Records contained in a dataset
○ ○ ○ ○

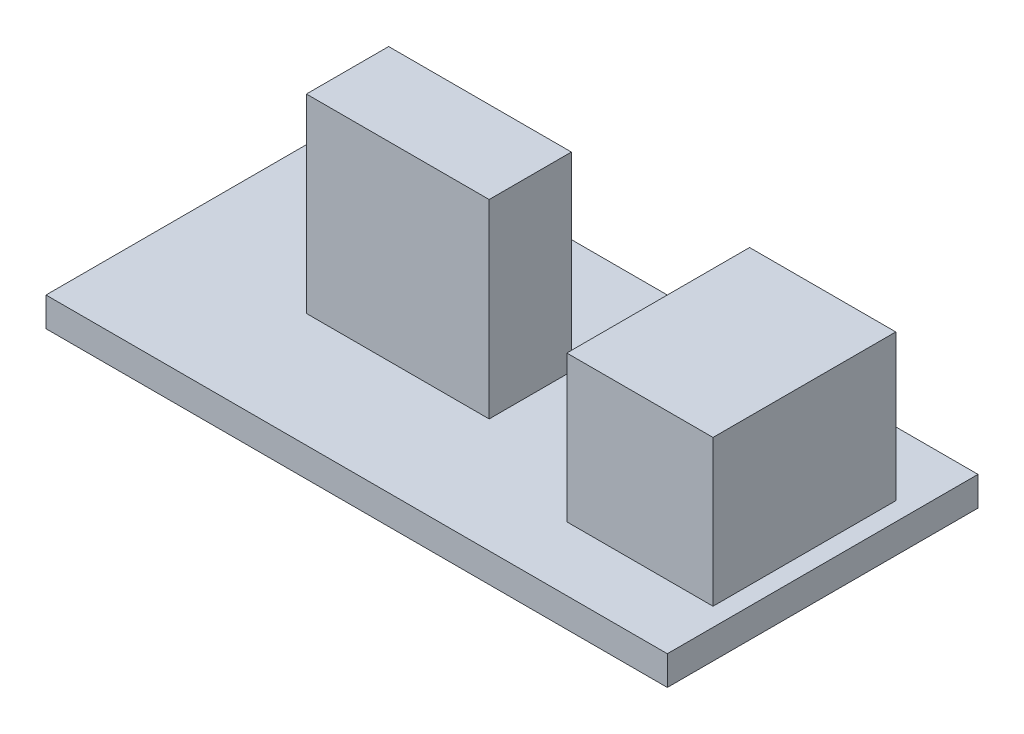
SolidWorks part; units mm, degrees
ref_plane "Front Plane" through (0, 0, 0) normal (0, 0, 1) x (1, 0, 0)
ref_plane "Top Plane" through (0, 0, 0) normal (0, 1, 0) x (1, 0, 0)
ref_plane "Right Plane" through (0, 0, 0) normal (1, 0, 0) x (0, 0, -1)
other "Configuration Table"
sketch "Sketch1" plane through (0, 0, 0) normal (0, 1, 0) x (1, 0, 0)
  line L1 (-17, -8.5) -> (17, -8.5)
  line L2 (-17, -8.5) -> (-17, 8.5)
  line L3 (-17, 8.5) -> (17, 8.5)
  line L4 (17, -8.5) -> (17, 8.5)
  line L5 (-17, -8.5) -> (17, 8.5) construction
  line L6 (-17, 8.5) -> (17, -8.5) construction
  point P6 (0, 0)
  dimension "D1" = 34
  dimension "D2" = 17
extrude "Board" add sketch "Sketch1" along normal blind 1.6
sketch "Sketch2" plane through (0, 0, 0) normal (0, 1, 0) x (1, 0, 0)
  line L0 (-9, -2.25) -> (1, -2.25)
  line L1 (1, -2.25) -> (1, 2.25)
  line L2 (1, 2.25) -> (-9, 2.25)
  line L3 (-9, 2.25) -> (-9, -2.25)
extrude "TO220" add sketch "Sketch2" along normal blind 10.4 from offset 1.6
sketch "Sketch3" plane through (0, 0, 0) normal (0, 1, 0) x (1, 0, 0)
  line L0 (8, -5) -> (16, -5)
  line L1 (16, -5) -> (16, 5)
  line L2 (16, 5) -> (8, 5)
  line L3 (8, 5) -> (8, -5)
extrude "Terminal_Block" add sketch "Sketch3" along normal blind 8 from offset 1.6
equation "\"Jar_OD\"= 90  'ASSUMED - Part G fallback - jar outer diameter"
equation "\"Jar_H\"= 120  'ASSUMED - Part G fallback - jar height"
equation "\"Pump_L\"= 45  'ASSUMED - Part G fallback"
equation "\"Pump_W\"= 24  'ASSUMED - Part G fallback"
equation "\"Pump_H\"= 33  'ASSUMED - Part G fallback"
equation "\"Pump_Outlet_OD\"= 7.5  'ASSUMED - Part G fallback"
equation "\"Tube_OD\"= 8  'ASSUMED - Part G fallback"
equation "\"Tube_ID\"= 6  'ASSUMED - Part G fallback"
equation "\"TDS_Body_Dia\"= 12  'ASSUMED - Part G fallback"
equation "\"TDS_Wet_Len\"= 45  'ASSUMED - Part G fallback - length in water"
equation "\"DS_Tube_Dia\"= 6  'ASSUMED - Part G fallback"
equation "\"DS_Tube_Len\"= 50  'ASSUMED - Part G fallback"
equation "\"ORP_Body_Dia\"= 12  'ASSUMED - Part G fallback"
equation "\"ORP_Body_Len\"= 150  'ASSUMED - Part G fallback"
equation "\"ORP_Cap_Dia\"= 16  'ASSUMED - Part G fallback"
equation "\"Turb_W\"= 33  'ASSUMED - Part G fallback - head width"
equation "\"Turb_D\"= 28  'ASSUMED - Part G fallback - head depth"
equation "\"Turb_H\"= 30  'ASSUMED - Part G fallback - head height"
equation "\"Turb_Slot_W\"= 10  'ASSUMED - Part G fallback - slot width"
equation "\"Flow_L\"= 62  'ASSUMED - Part G fallback YF-S201"
equation "\"Flow_W\"= 36  'ASSUMED - Part G fallback"
equation "\"Flow_H\"= 35  'ASSUMED - Part G fallback"
equation "\"Thread_G12_OD\"= 20.955  'ASSUMED - Part G fallback thread G1/2 (major diameter)"
equation "\"Valve_L\"= 75  'ASSUMED - Part G fallback"
equation "\"Valve_W\"= 45  'ASSUMED - Part G fallback"
equation "\"Valve_H\"= 60  'ASSUMED - Part G fallback"
equation "\"Tee_L\"= 40  'ASSUMED - Part G fallback - overall length"
equation "\"Tee_Branch_L\"= 25  'ASSUMED - Part G fallback"
equation "\"Tee_OD\"= 12  'ASSUMED - Part G fallback"
equation "\"Cuv_W\"= 12.5  'ASSUMED - old R3 cuvette (station suppressed in SS4)"
equation "\"Cuv_D\"= 12.5  'ASSUMED - old R3 cuvette (station suppressed in SS4)"
equation "\"Cuv_H\"= 45  'ASSUMED - old R3 cuvette (station suppressed in SS4)"
equation "\"LED_Board_L\"= 20  'ASSUMED - Part G fallback"
equation "\"LED_Board_W\"= 20  'ASSUMED - Part G fallback - LED at centre"
equation "\"GUVA_L\"= 20  'ASSUMED - Part G fallback"
equation "\"GUVA_W\"= 12  'ASSUMED - Part G fallback - sensor at centre"
equation "\"Reed_L\"= 27  'ASSUMED - Part G fallback MC-38 half"
equation "\"Reed_W\"= 14  'ASSUMED - Part G fallback"
equation "\"Reed_H\"= 8  'ASSUMED - Part G fallback"
equation "\"ESP_L\"= 51  'ASSUMED - Part G fallback"
equation "\"ESP_W\"= 28  'ASSUMED - Part G fallback"
equation "\"TFT_L\"= 58  'ASSUMED - Part G fallback - board"
equation "\"TFT_W\"= 35  'ASSUMED - Part G fallback - board"
equation "\"TFT_Win_L\"= 35  'ASSUMED - Part G fallback - visible window"
equation "\"TFT_Win_W\"= 28  'ASSUMED - Part G fallback - visible window"
equation "\"Relay_L\"= 50  'ASSUMED - Part G fallback"
equation "\"Relay_W\"= 26  'ASSUMED - Part G fallback"
equation "\"Relay_H\"= 19  'ASSUMED - Part G fallback"
equation "\"Mosfet_L\"= 34  'ASSUMED - Part G fallback"
equation "\"Mosfet_W\"= 17  'ASSUMED - Part G fallback"
equation "\"Mosfet_H\"= 12  'ASSUMED - Part G fallback"
equation "\"TDS_Board_L\"= 42  'ASSUMED - Part G fallback"
equation "\"TDS_Board_W\"= 32  'ASSUMED - Part G fallback"
equation "\"Turb_Board_L\"= 38  'ASSUMED - Part G fallback"
equation "\"Turb_Board_W\"= 28  'ASSUMED - Part G fallback"
equation "\"BNC_Thread_Dia\"= 9.5  'ASSUMED - Part G fallback"
equation "\"Plate_L\"= 420  'ASSUMED - Part G fallback"
equation "\"Plate_W\"= 297  'ASSUMED - Part G fallback"
equation "\"Plate_T\"= 6  'ASSUMED - Part G fallback"
equation "\"Probe_Clr\"= 0.3  'DESIGN VALUE - Part C rule 3 - printed probe hole = diameter + 0.3"
equation "\"Cuv_Clr\"= 0.2  'DESIGN VALUE - Part C rule 3 - cuvette pocket = size + 0.2"
equation "\"Label_H\"= 0.6  'DESIGN VALUE - Part D - raised label height"
equation "\"D1@Sketch1\" = \"Mosfet_L\""
equation "\"D2@Sketch1\" = \"Mosfet_W\""
equation "\"Booster_L\"= 150  'ASSUMED - Part G fallback - booster pump"
equation "\"Booster_W\"= 95  'ASSUMED - Part G fallback"
equation "\"Booster_H\"= 100  'ASSUMED - Part G fallback"
equation "\"PTube_OD\"= 6.35  'ASSUMED - Part G fallback - product tube 1/4 inch"
equation "\"Qz_Out\"= 12  'ASSUMED - Part G fallback - quartz channel outside square"
equation "\"Qz_Path\"= 10  'ASSUMED - Part G fallback - quartz channel inside light path"
equation "\"Qz_L\"= 40  'ASSUMED - Part G fallback - quartz channel length"
equation "\"LED860_Dia\"= 5  'ASSUMED - Part G fallback - 860 nm LED"
equation "\"BPW_L\"= 5.4  'ASSUMED - Part G fallback - BPW34"
equation "\"BPW_W\"= 4.3  'ASSUMED - Part G fallback - BPW34"
equation "\"Cart_Dia\"= 50  'ASSUMED - Part G fallback - sediment and pre-carbon cartridges"
equation "\"Cart_L\"= 255  'ASSUMED - Part G fallback"
equation "\"UF_Dia\"= 50  'ASSUMED - Part G fallback - UF cartridge"
equation "\"UF_L\"= 260  'ASSUMED - Part G fallback"
equation "\"RO_Dia\"= 62  'ASSUMED - Part G fallback - RO membrane housing"
equation "\"RO_L\"= 300  'ASSUMED - Part G fallback"
equation "\"UVC_Dia\"= 40  'ASSUMED - Part G fallback - UV-C chamber"
equation "\"UVC_L\"= 300  'ASSUMED - Part G fallback"
equation "\"Tank_W\"= 260  'ASSUMED - Part G fallback - storage tank"
equation "\"Tank_D\"= 160  'ASSUMED - Part G fallback"
equation "\"Tank_H\"= 300  'ASSUMED - Part G fallback"
equation "\"Cab_W\"= 400  'ASSUMED - Part G fallback - purifier cabinet"
equation "\"Cab_D\"= 270  'ASSUMED - Part G fallback"
equation "\"Cab_H\"= 560  'ASSUMED - Part G fallback"
equation "\"ORP_Board_L\"= 40  'ASSUMED - Part G fallback - ORP buffer board"
equation "\"ORP_Board_W\"= 30  'ASSUMED - Part G fallback"
equation "\"Opt_Board_L\"= 50  'ASSUMED - Part G fallback - optical front-end board"
equation "\"Opt_Board_W\"= 40  'ASSUMED - Part G fallback"
equation "\"Buck_L\"= 43  'ASSUMED - Part G fallback - 12 V to 5 V buck module"
equation "\"Buck_W\"= 21  'ASSUMED - Part G fallback"
equation "\"Buck_H\"= 14  'ASSUMED - Part G fallback"
equation "\"BB_L\"= 165  'ASSUMED - Part G fallback - breadboard (As_Built_R3 only)"
equation "\"BB_W\"= 55  'ASSUMED - Part G fallback"
equation "\"BB_H\"= 10  'ASSUMED - Part G fallback"

○ ○ ○ ○

Activity: The line above containing "fallback - UF", the line containing "fallback - purifier", and every line between them are to be transcribed exactly; no other line is wanted.

Solution:
equation "\"UF_Dia\"= 50  'ASSUMED - Part G fallback - UF cartridge"
equation "\"UF_L\"= 260  'ASSUMED - Part G fallback"
equation "\"RO_Dia\"= 62  'ASSUMED - Part G fallback - RO membrane housing"
equation "\"RO_L\"= 300  'ASSUMED - Part G fallback"
equation "\"UVC_Dia\"= 40  'ASSUMED - Part G fallback - UV-C chamber"
equation "\"UVC_L\"= 300  'ASSUMED - Part G fallback"
equation "\"Tank_W\"= 260  'ASSUMED - Part G fallback - storage tank"
equation "\"Tank_D\"= 160  'ASSUMED - Part G fallback"
equation "\"Tank_H\"= 300  'ASSUMED - Part G fallback"
equation "\"Cab_W\"= 400  'ASSUMED - Part G fallback - purifier cabinet"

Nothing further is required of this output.